彼得大帝身边的贵族和亲信们都被剪掉了胡子。可是,沙皇没法亲自剪每一个老百姓的胡须。于是,他发布了一条圣旨,规定除了教会的神职人员以外,禁止所有的俄罗斯人留胡须。凡是不愿服从沙皇的旨意而一定要保留胡须的人,就必须根据他的社会地位交纳一定的税款:贵族和高级官员每年100卢布,一般官员和商人每年60卢布,听差的车夫每年30卢布,农民在进城时每次交纳半个戈比。交过税的人可以得到一枚铜章作为收据,上面写着税款已收,旁边还画了一把胡须。有的铜章上还刻着这样的座右铭:胡须是无谓的负担。这些人必须把这枚铜章带在身边,随时向检查人员出示,并且每年在交纳新税款时更换一次。

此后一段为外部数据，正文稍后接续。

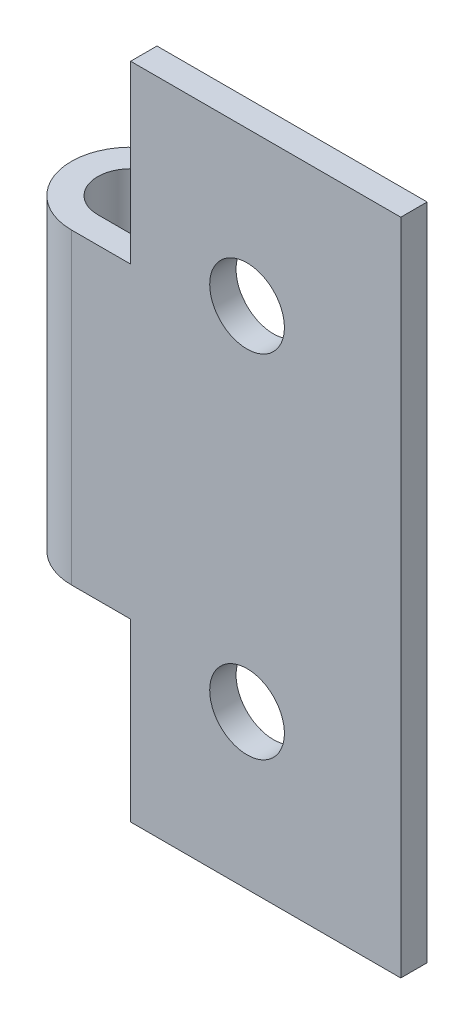
from build123d import *

# Parameters (mm, degrees)
Y_KSEKLIK_EKSTR_ZYON1_DEPTH = 30
KES_EKSTR_ZYON2_START       = -8
KES_EKSTR_ZYON2_DEPTH       = 8
IZIM4_R                     = 1.7
KES_EKSTR_ZYON3_DEPTH       = 1.2


with BuildPart() as part:
    # Çizim1 → Yükseklik-Ekstrüzyon1 (new body)
    with BuildSketch(Plane(origin=(0, 0, 0), x_dir=(1, 0, 0), z_dir=(0, 1, 0))):
        with BuildLine():
            Line((0, 0.6), (15, 0.6))
            Line((15, 0.6), (15, -0.6))
            Line((15, -0.6), (0, -0.6))
            ThreePointArc((0, -0.6), (-1.319038138, 4.455873169), (2.301841896, 0.688786378))
            Line((2.301841896, 0.688786378), (1.278801053, 1.315992432))
            ThreePointArc((1.278801053, 1.315992432), (-0.732798966, 3.408818427), (0, 0.6))
        make_face()
    extrude(amount=-Y_KSEKLIK_EKSTR_ZYON1_DEPTH)

    # Çizim3 → Kes-Ekstrüzyon2 (cut)
    with BuildSketch(Plane.XZ.offset(30).offset(KES_EKSTR_ZYON2_START)):
        with BuildLine():
            Line((1.278801053, -1.315992432), (2.301841896, -0.688786378))
            ThreePointArc((2.301841896, -0.688786378), (-1.319038138, -4.455873169), (0, 0.6))
            Line((0, 0.6), (2.7, 0.6))
            Line((2.7, 0.6), (2.7, -0.6))
            Line((2.7, -0.6), (0, -0.6))
            ThreePointArc((0, -0.6), (-0.732798966, -3.408818427), (1.278801053, -1.315992432))
        make_face()
    kes_ekstr_zyon2 = extrude(amount=KES_EKSTR_ZYON2_DEPTH, mode=Mode.SUBTRACT)

    # Çizim4 → Kes-Ekstrüzyon3 (cut)
    with BuildSketch(Plane(origin=(0, 0, -0.6), x_dir=(-1, 0, 0), z_dir=(0, 0, -1))):
        with Locations((-8, -23)):
            Circle(IZIM4_R)
        with Locations((-8, -7)):
            Circle(IZIM4_R)
    extrude(amount=-KES_EKSTR_ZYON3_DEPTH, mode=Mode.SUBTRACT)

    # Aynalama1: Kes-Ekstrüzyon2 across plane
    add(kes_ekstr_zyon2.mirror(Plane(origin=(0, -15, 0), x_dir=(0, 0, 1), z_dir=(0, -1, 0))), mode=Mode.SUBTRACT)


solid = part.part

这样一来,大多数贵族和商人都嫌税款太重,不得不自己去剪掉胡须。但是农民们宁愿在城市门口交税,也要保留着胸前随风飘摆的大胡子,好像只有这样才是一个真正的男子汉和虔诚的教徒。
彼得大帝知道,虽然在他的身边已看不见大胡子了,但是俄罗斯人并不是真心拥护这个命令的。离开首都稍远的地方,男子汉们仍然留着大胡子。于是他发布了更为严厉的命令,规定留胡子的人向政府机关提出的任何申请,都不许批准,而且要向这个人收取50卢布的罚款。如果此人付不起罚款,就必须去服劳役,直到他挣到的钱够交罚款为止。任何人遇到一个胡须不合格的人,都有权将他带到警察局去,他将得到胡须罚款的一半和顽抗者的衣服作为奖励。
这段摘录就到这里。